Thronebreaker incorporates Gwent in more than one way, and if you want to know why this is more of a companion piece rather than a fully realized game, keep on reading our review below.

Story and Setting

Queen Meve of Lyria returns home from a long trip when Nilfgaardians invade and steal her possessions. On top of that she learns that some of her closest servants betrayed her. Now she must find a way to free her native land from foreign invaders and treacherous traitors.

As a result Meve travels across her own lands and the lands of other rulers with her small army. On her way she gathers resources, such as gold and wood, and recruits new units for her army. And this is the point where Gwent overrides the idyll of this beautiful isometric RPG.

Units are represented by cards with varying powers and abilities. When the battles begin you see an already familiar Gwent playing board with two rows and a handful of cards. At this stage you almost forget that you were playing Thronebreaker, and fully devote yourself to the game of Gwent.

Fortunately, Thronebreaker has a few surprises and distinct features that make it a worthwhile investment of a few dozens of hours. For example, there’s a lot of compelling dialogue, during which you must make decisions that will influence the rest of the game.

The map is filled with hidden treasures and puzzle battles, which is a new look at the Gwent mechanics, where you must follow a different set of rules rather than your typical “win two rounds and move on.” But eventually you don’t want to play a card game, eventually you’d rather just play the RPG that is called Thronebreaker.. but it doesn’t exist, at least not without Gwent all in your face.

Alas, the game was developed by CD Projekt Red that is more interested in promoting the card game more than anything else at this point, which is totally understandable. The market share of CCGs is huge nowadays making it one of the most profitable in the video game industry.

Gameplay Mechanics

Your task in Thronebreaker is to collect as much gold, wood and recruits as possible. All these resources are required to build and upgrade your Workshop and Tents, where you train your recruits and craft new cards. The army in the game is represented by the deck of Gwent cards with a leader Meve, who is the main protagonist.

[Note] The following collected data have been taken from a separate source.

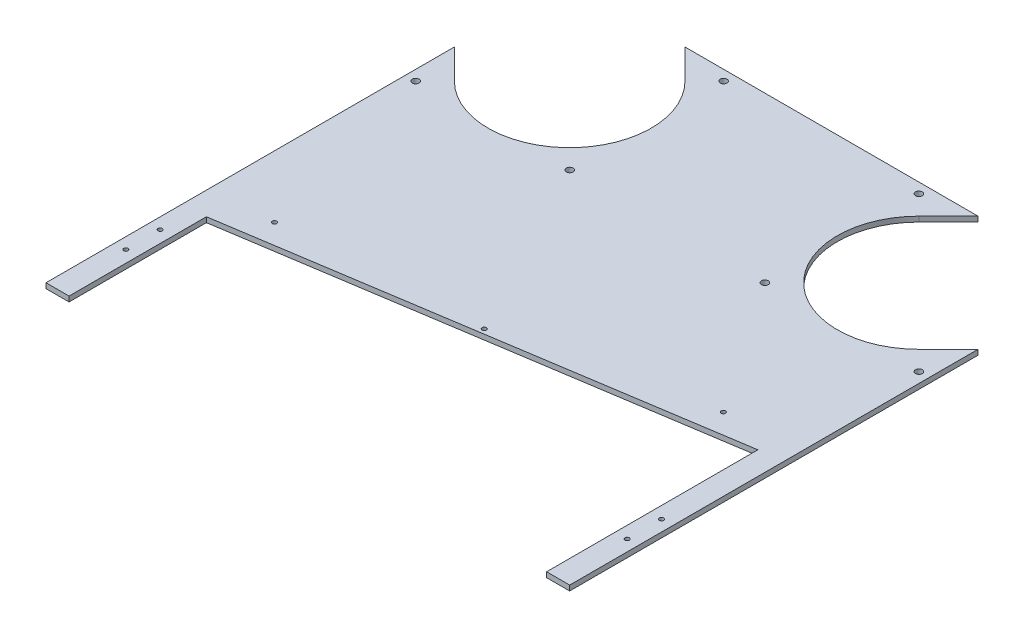
ISO-10303-21;
HEADER;
FILE_DESCRIPTION(('STEP AP214'),'2;1');
FILE_NAME('part.step','',(''),(''),'','','');
FILE_SCHEMA(('AUTOMOTIVE_DESIGN { 1 0 10303 214 1 1 1 1 }'));
ENDSEC;
DATA;
#1=APPLICATION_CONTEXT('core data for automotive mechanical design processes');
#2=APPLICATION_PROTOCOL_DEFINITION('international standard','automotive_design',2000,#1);
#3=PRODUCT_CONTEXT('',#1,'mechanical');
#4=PRODUCT('Part','Part','',(#3));
#5=PRODUCT_RELATED_PRODUCT_CATEGORY('part','',(#4));
#6=PRODUCT_DEFINITION_FORMATION('','',#4);
#7=PRODUCT_DEFINITION_CONTEXT('part definition',#1,'design');
#8=PRODUCT_DEFINITION('design','',#6,#7);
#9=PRODUCT_DEFINITION_SHAPE('','',#8);
#10=(LENGTH_UNIT() NAMED_UNIT(*) SI_UNIT(.MILLI.,.METRE.));
#11=(NAMED_UNIT(*) PLANE_ANGLE_UNIT() SI_UNIT($,.RADIAN.));
#12=(NAMED_UNIT(*) SI_UNIT($,.STERADIAN.) SOLID_ANGLE_UNIT());
#13=UNCERTAINTY_MEASURE_WITH_UNIT(LENGTH_MEASURE(1.E-05),#10,'distance_accuracy_value','');
#14=(GEOMETRIC_REPRESENTATION_CONTEXT(3) GLOBAL_UNCERTAINTY_ASSIGNED_CONTEXT((#13)) GLOBAL_UNIT_ASSIGNED_CONTEXT((#10,
#11,#12)) REPRESENTATION_CONTEXT('',''));
#15=CARTESIAN_POINT('',(0.,0.,0.));
#16=DIRECTION('',(0.,0.,1.));
#17=DIRECTION('',(1.,0.,0.));
#18=AXIS2_PLACEMENT_3D('',#15,#16,#17);
#19=CARTESIAN_POINT('',(0.,-3.,0.));
#20=DIRECTION('',(0.,1.,0.));
#21=DIRECTION('',(0.,0.,1.));
#22=AXIS2_PLACEMENT_3D('',#19,#20,#21);
#23=PLANE('',#22);
#24=CARTESIAN_POINT('',(209.3563,-3.,-104.3563));
#25=DIRECTION('',(0.,1.,0.));
#26=DIRECTION('',(0.,0.,1.));
#27=AXIS2_PLACEMENT_3D('',#24,#25,#26);
#28=CIRCLE('',#27,1.98437499999028);
#29=CARTESIAN_POINT('',(209.3563,-3.,-102.37192500001));
#30=VERTEX_POINT('',#29);
#31=EDGE_CURVE('E461',#30,#30,#28,.T.);
#32=ORIENTED_EDGE('',*,*,#31,.T.);
#33=EDGE_LOOP('',(#32));
#34=FACE_BOUND('',#33,.T.);
#35=CARTESIAN_POINT('',(95.6437,-3.,-104.356299999999));
#36=DIRECTION('',(0.,1.,0.));
#37=DIRECTION('',(0.,0.,1.));
#38=AXIS2_PLACEMENT_3D('',#35,#36,#37);
#39=CIRCLE('',#38,1.98437500000119);
#40=CARTESIAN_POINT('',(95.6437,-3.,-102.371924999998));
#41=VERTEX_POINT('',#40);
#42=EDGE_CURVE('E449',#41,#41,#39,.T.);
#43=ORIENTED_EDGE('',*,*,#42,.T.);
#44=EDGE_LOOP('',(#43));
#45=FACE_BOUND('',#44,.T.);
#46=CARTESIAN_POINT('',(95.6437,-3.,-194.043699999999));
#47=DIRECTION('',(0.,1.,0.));
#48=DIRECTION('',(0.,0.,1.));
#49=AXIS2_PLACEMENT_3D('',#46,#47,#48);
#50=CIRCLE('',#49,1.98437500000119);
#51=CARTESIAN_POINT('',(95.6437,-3.,-192.059324999998));
#52=VERTEX_POINT('',#51);
#53=EDGE_CURVE('E437',#52,#52,#50,.T.);
#54=ORIENTED_EDGE('',*,*,#53,.T.);
#55=EDGE_LOOP('',(#54));
#56=FACE_BOUND('',#55,.T.);
#57=CARTESIAN_POINT('',(36.1163180693323,-3.,8.03125688471848));
#58=DIRECTION('',(0.,1.,0.));
#59=DIRECTION('',(0.,0.,1.));
#60=AXIS2_PLACEMENT_3D('',#57,#58,#59);
#61=CIRCLE('',#60,1.24999999999999);
#62=CARTESIAN_POINT('',(36.1163180693323,-3.,9.28125688471847));
#63=VERTEX_POINT('',#62);
#64=EDGE_CURVE('E155',#63,#63,#61,.T.);
#65=ORIENTED_EDGE('',*,*,#64,.T.);
#66=EDGE_LOOP('',(#65));
#67=FACE_BOUND('',#66,.T.);
#68=CARTESIAN_POINT('',(150.877899470198,-3.,0.629943867926315));
#69=DIRECTION('',(0.,1.,0.));
#70=DIRECTION('',(0.,0.,1.));
#71=AXIS2_PLACEMENT_3D('',#68,#69,#70);
#72=CIRCLE('',#71,1.25);
#73=CARTESIAN_POINT('',(150.877899470198,-3.,1.87994386792632));
#74=VERTEX_POINT('',#73);
#75=EDGE_CURVE('E332',#74,#74,#72,.T.);
#76=ORIENTED_EDGE('',*,*,#75,.T.);
#77=EDGE_LOOP('',(#76));
#78=FACE_BOUND('',#77,.T.);
#79=CARTESIAN_POINT('',(262.50800034301,-3.,-27.0055510457858));
#80=DIRECTION('',(0.,1.,0.));
#81=DIRECTION('',(0.,0.,1.));
#82=AXIS2_PLACEMENT_3D('',#79,#80,#81);
#83=CIRCLE('',#82,1.24999999999997);
#84=CARTESIAN_POINT('',(262.50800034301,-3.,-25.7555510457858));
#85=VERTEX_POINT('',#84);
#86=EDGE_CURVE('E339',#85,#85,#83,.T.);
#87=ORIENTED_EDGE('',*,*,#86,.T.);
#88=EDGE_LOOP('',(#87));
#89=FACE_BOUND('',#88,.T.);
#90=CARTESIAN_POINT('',(6.50000000000003,-3.,45.));
#91=DIRECTION('',(0.,1.,0.));
#92=DIRECTION('',(0.,0.,1.));
#93=AXIS2_PLACEMENT_3D('',#90,#91,#92);
#94=CIRCLE('',#93,1.24999999999999);
#95=CARTESIAN_POINT('',(6.50000000000003,-3.,46.25));
#96=VERTEX_POINT('',#95);
#97=EDGE_CURVE('E328',#96,#96,#94,.T.);
#98=ORIENTED_EDGE('',*,*,#97,.T.);
#99=EDGE_LOOP('',(#98));
#100=FACE_BOUND('',#99,.T.);
#101=CARTESIAN_POINT('',(6.5,-3.,65.));
#102=DIRECTION('',(0.,1.,0.));
#103=DIRECTION('',(0.,0.,1.));
#104=AXIS2_PLACEMENT_3D('',#101,#102,#103);
#105=CIRCLE('',#104,1.24999999999999);
#106=CARTESIAN_POINT('',(6.5,-3.,66.25));
#107=VERTEX_POINT('',#106);
#108=EDGE_CURVE('E356',#107,#107,#105,.T.);
#109=ORIENTED_EDGE('',*,*,#108,.T.);
#110=EDGE_LOOP('',(#109));
#111=FACE_BOUND('',#110,.T.);
#112=CARTESIAN_POINT('',(298.5,-3.,45.));
#113=DIRECTION('',(0.,1.,0.));
#114=DIRECTION('',(0.,0.,1.));
#115=AXIS2_PLACEMENT_3D('',#112,#113,#114);
#116=CIRCLE('',#115,1.24999999999997);
#117=CARTESIAN_POINT('',(298.5,-3.,46.2499999999999));
#118=VERTEX_POINT('',#117);
#119=EDGE_CURVE('E324',#118,#118,#116,.T.);
#120=ORIENTED_EDGE('',*,*,#119,.T.);
#121=EDGE_LOOP('',(#120));
#122=FACE_BOUND('',#121,.T.);
#123=CARTESIAN_POINT('',(298.5,-3.,65.));
#124=DIRECTION('',(0.,1.,0.));
#125=DIRECTION('',(0.,0.,1.));
#126=AXIS2_PLACEMENT_3D('',#123,#124,#125);
#127=CIRCLE('',#126,1.24999999999997);
#128=CARTESIAN_POINT('',(298.5,-3.,66.2499999999999));
#129=VERTEX_POINT('',#128);
#130=EDGE_CURVE('E296',#129,#129,#127,.T.);
#131=ORIENTED_EDGE('',*,*,#130,.T.);
#132=EDGE_LOOP('',(#131));
#133=FACE_BOUND('',#132,.T.);
#134=DIRECTION('',(0.707106781186547,0.,-0.707106781186548));
#135=VECTOR('',#134,1.);
#136=CARTESIAN_POINT('',(86.0875721063613,-3.,86.0875721063612));
#137=LINE('',#136,#135);
#138=CARTESIAN_POINT('',(287.787572106361,-3.,-115.612427893639));
#139=VERTEX_POINT('',#138);
#140=CARTESIAN_POINT('',(305.,-3.,-132.824855787278));
#141=VERTEX_POINT('',#140);
#142=EDGE_CURVE('E425',#139,#141,#137,.T.);
#143=ORIENTED_EDGE('',*,*,#142,.T.);
#144=DIRECTION('',(0.,0.,-1.));
#145=VECTOR('',#144,1.);
#146=CARTESIAN_POINT('',(305.,-3.,-35.3098329762697));
#147=LINE('',#146,#145);
#148=CARTESIAN_POINT('',(305.,-3.,105.));
#149=VERTEX_POINT('',#148);
#150=EDGE_CURVE('E282',#149,#141,#147,.T.);
#151=ORIENTED_EDGE('',*,*,#150,.F.);
#152=DIRECTION('',(1.,0.,0.));
#153=VECTOR('',#152,1.);
#154=CARTESIAN_POINT('',(305.,-3.,105.));
#155=LINE('',#154,#153);
#156=CARTESIAN_POINT('',(291.57115,-3.,105.));
#157=VERTEX_POINT('',#156);
#158=EDGE_CURVE('E288',#157,#149,#155,.T.);
#159=ORIENTED_EDGE('',*,*,#158,.F.);
#160=DIRECTION('',(0.,0.,1.));
#161=VECTOR('',#160,1.);
#162=CARTESIAN_POINT('',(291.57115,-3.,105.));
#163=LINE('',#162,#161);
#164=CARTESIAN_POINT('',(291.57115,-3.,-18.0458320931951));
#165=VERTEX_POINT('',#164);
#166=EDGE_CURVE('E373',#165,#157,#163,.T.);
#167=ORIENTED_EDGE('',*,*,#166,.F.);
#168=DIRECTION('',(0.988235294144316,0.,-0.152941176298267));
#169=VECTOR('',#168,1.);
#170=CARTESIAN_POINT('',(291.57115,-3.,-18.0458320931951));
#171=LINE('',#170,#169);
#172=CARTESIAN_POINT('',(13.42885,-3.,25.));
#173=VERTEX_POINT('',#172);
#174=EDGE_CURVE('E370',#173,#165,#171,.T.);
#175=ORIENTED_EDGE('',*,*,#174,.F.);
#176=DIRECTION('',(0.,0.,-1.));
#177=VECTOR('',#176,1.);
#178=CARTESIAN_POINT('',(13.42885,-3.,105.));
#179=LINE('',#178,#177);
#180=CARTESIAN_POINT('',(13.42885,-3.,105.));
#181=VERTEX_POINT('',#180);
#182=EDGE_CURVE('E367',#181,#173,#179,.T.);
#183=ORIENTED_EDGE('',*,*,#182,.F.);
#184=DIRECTION('',(1.,0.,0.));
#185=VECTOR('',#184,1.);
#186=CARTESIAN_POINT('',(0.,-3.,105.));
#187=LINE('',#186,#185);
#188=CARTESIAN_POINT('',(0.,-3.,105.));
#189=VERTEX_POINT('',#188);
#190=EDGE_CURVE('E364',#189,#181,#187,.T.);
#191=ORIENTED_EDGE('',*,*,#190,.F.);
#192=DIRECTION('',(0.,0.,1.));
#193=VECTOR('',#192,1.);
#194=CARTESIAN_POINT('',(0.,-3.,0.));
#195=LINE('',#194,#193);
#196=CARTESIAN_POINT('',(0.,-3.,-132.824855787713));
#197=VERTEX_POINT('',#196);
#198=EDGE_CURVE('E313',#197,#189,#195,.T.);
#199=ORIENTED_EDGE('',*,*,#198,.F.);
#200=DIRECTION('',(0.707106781186552,0.,0.707106781186543));
#201=VECTOR('',#200,1.);
#202=CARTESIAN_POINT('',(66.4124278938565,-3.,-66.4124278938574));
#203=LINE('',#202,#201);
#204=CARTESIAN_POINT('',(17.2124278938845,-3.,-115.612427893829));
#205=VERTEX_POINT('',#204);
#206=EDGE_CURVE('E399',#197,#205,#203,.T.);
#207=ORIENTED_EDGE('',*,*,#206,.T.);
#208=CARTESIAN_POINT('',(50.8000000002453,-3.,-149.20000000019));
#209=DIRECTION('',(0.,1.,0.));
#210=DIRECTION('',(0.,0.,1.));
#211=AXIS2_PLACEMENT_3D('',#208,#209,#210);
#212=CIRCLE('',#211,47.5);
#213=CARTESIAN_POINT('',(84.3875721066061,-3.,-182.787572106551));
#214=VERTEX_POINT('',#213);
#215=EDGE_CURVE('E406',#205,#214,#212,.T.);
#216=ORIENTED_EDGE('',*,*,#215,.T.);
#217=DIRECTION('',(-0.707106781186551,0.,-0.707106781186544));
#218=VECTOR('',#217,1.);
#219=CARTESIAN_POINT('',(133.587572106578,-3.,-133.58757210658));
#220=LINE('',#219,#218);
#221=CARTESIAN_POINT('',(67.1751442131571,-3.,-200.));
#222=VERTEX_POINT('',#221);
#223=EDGE_CURVE('E280',#214,#222,#220,.T.);
#224=ORIENTED_EDGE('',*,*,#223,.T.);
#225=DIRECTION('',(-1.,0.,0.));
#226=VECTOR('',#225,1.);
#227=CARTESIAN_POINT('',(0.,-3.,-200.));
#228=LINE('',#227,#226);
#229=CARTESIAN_POINT('',(237.824855787278,-3.,-200.));
#230=VERTEX_POINT('',#229);
#231=EDGE_CURVE('E271',#230,#222,#228,.T.);
#232=ORIENTED_EDGE('',*,*,#231,.F.);
#233=DIRECTION('',(0.707106781186545,0.,-0.70710678118655));
#234=VECTOR('',#233,1.);
#235=CARTESIAN_POINT('',(18.9124278936398,-3.,18.9124278936397));
#236=LINE('',#235,#234);
#237=CARTESIAN_POINT('',(220.612427893639,-3.,-182.787572106361));
#238=VERTEX_POINT('',#237);
#239=EDGE_CURVE('E255',#238,#230,#236,.T.);
#240=ORIENTED_EDGE('',*,*,#239,.F.);
#241=CARTESIAN_POINT('',(254.2,-3.,-149.2));
#242=DIRECTION('',(0.,1.,0.));
#243=DIRECTION('',(0.,0.,1.));
#244=AXIS2_PLACEMENT_3D('',#241,#242,#243);
#245=CIRCLE('',#244,47.5);
#246=EDGE_CURVE('E265',#238,#139,#245,.T.);
#247=ORIENTED_EDGE('',*,*,#246,.T.);
#248=EDGE_LOOP('',(#143,#151,#159,#167,#175,#183,#191,#199,#207,#216,#224,#232,#240,#247));
#249=FACE_BOUND('',#248,.T.);
#250=CARTESIAN_POINT('',(5.95629999999996,-3.,-104.356299999999));
#251=DIRECTION('',(0.,1.,0.));
#252=DIRECTION('',(0.,0.,1.));
#253=AXIS2_PLACEMENT_3D('',#250,#251,#252);
#254=CIRCLE('',#253,1.98437500000119);
#255=CARTESIAN_POINT('',(5.95629999999996,-3.,-102.371924999998));
#256=VERTEX_POINT('',#255);
#257=EDGE_CURVE('E443',#256,#256,#254,.T.);
#258=ORIENTED_EDGE('',*,*,#257,.T.);
#259=EDGE_LOOP('',(#258));
#260=FACE_BOUND('',#259,.T.);
#261=CARTESIAN_POINT('',(209.3563,-3.,-194.0437));
#262=DIRECTION('',(0.,1.,0.));
#263=DIRECTION('',(0.,0.,1.));
#264=AXIS2_PLACEMENT_3D('',#261,#262,#263);
#265=CIRCLE('',#264,1.9843749999903);
#266=CARTESIAN_POINT('',(209.3563,-3.,-192.05932500001));
#267=VERTEX_POINT('',#266);
#268=EDGE_CURVE('E455',#267,#267,#265,.T.);
#269=ORIENTED_EDGE('',*,*,#268,.T.);
#270=EDGE_LOOP('',(#269));
#271=FACE_BOUND('',#270,.T.);
#272=CARTESIAN_POINT('',(299.0437,-3.,-104.3563));
#273=DIRECTION('',(0.,1.,0.));
#274=DIRECTION('',(0.,0.,1.));
#275=AXIS2_PLACEMENT_3D('',#272,#273,#274);
#276=CIRCLE('',#275,1.98437499999028);
#277=CARTESIAN_POINT('',(299.0437,-3.,-102.37192500001));
#278=VERTEX_POINT('',#277);
#279=EDGE_CURVE('E467',#278,#278,#276,.T.);
#280=ORIENTED_EDGE('',*,*,#279,.T.);
#281=EDGE_LOOP('',(#280));
#282=FACE_BOUND('',#281,.T.);
#283=ADVANCED_FACE('F151',(#34,#45,#56,#67,#78,#89,#100,#111,#122,#133,#249,#260,#271,#282),#23,.F.);
#284=CARTESIAN_POINT('',(0.,0.,0.));
#285=DIRECTION('',(0.,1.,0.));
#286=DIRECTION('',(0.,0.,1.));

The only difference from Gwent is that the developers designed 250 brand new cards for Thronebreaker. However, the deckbuilding still feels a lot more constricted in comparison to what you can do in the actual Gwent card game. This means that veteran Gwent players will feel completely unchallenged even on the hardest difficulty. But it can serve well to those, who are completely unfamiliar with the game and wish to learn how to play it well.

In any case, if you lose or win your Gwent battles or make certain decisions during dialogue scenes, your army’s morale will reflect on the quality of your cards. Some of your units will start losing their power points if you make bad decisions, and at times you may even lose some of the units entirely.

With all that said, apart from your typical card battles, Thronebreaker offers something completely new that may interest even the most experienced Gwent players — the puzzle battles. These are special Gwent games with their own peculiar sets of rules. You can read more about puzzle battles in our Thronebreaker combat guide.

Puzzle battles can be really exciting and this is undoubtedly the best feature of the game. It is both familiar and innovative, and that’s exactly what makes it so great. You will find these puzzles everywhere and some of them can get really complicated. But when you do find the solution, the result is extremely satisfying.

Final Verdict: 7/10

Thronebreaker: The Witcher Tales is a fun little game despite its actual long length. It has excellent writing and a few interesting RPG elements, but ultimately everything boils down to a game of Gwent.

This means that long-time players of CD Projekt’s battle card game won’t get much out of it except the puzzle battles, so Thronebreaker may be more along the lines of a 5/10 for hardcore fans of Gwent. Newer players may enjoy it much more, though. As it stands, the rating is a 7/10 — the middle-ground between what I feel to be a new player and a veteran’s enjoyment of the game.

If CD Projekt Red focused on making an original RPG based on The Witcher universe with its own unique combat system that has nothing to do with Gwent, then it would be a 10/10. For now that’s just a fantasy.

[Note: A copy of Thronebreaker: The Witcher Tales was provided by CD Projekt Red for the purpose of this review.]

Thronebreaker: The Witcher Tales Review — A Fun Way to Learn Gwent
Thronebreaker is a great way to learn how to play Gwent for beginners, but it will leave veteran Gwent players completely unchallenged even on the hardest difficulty.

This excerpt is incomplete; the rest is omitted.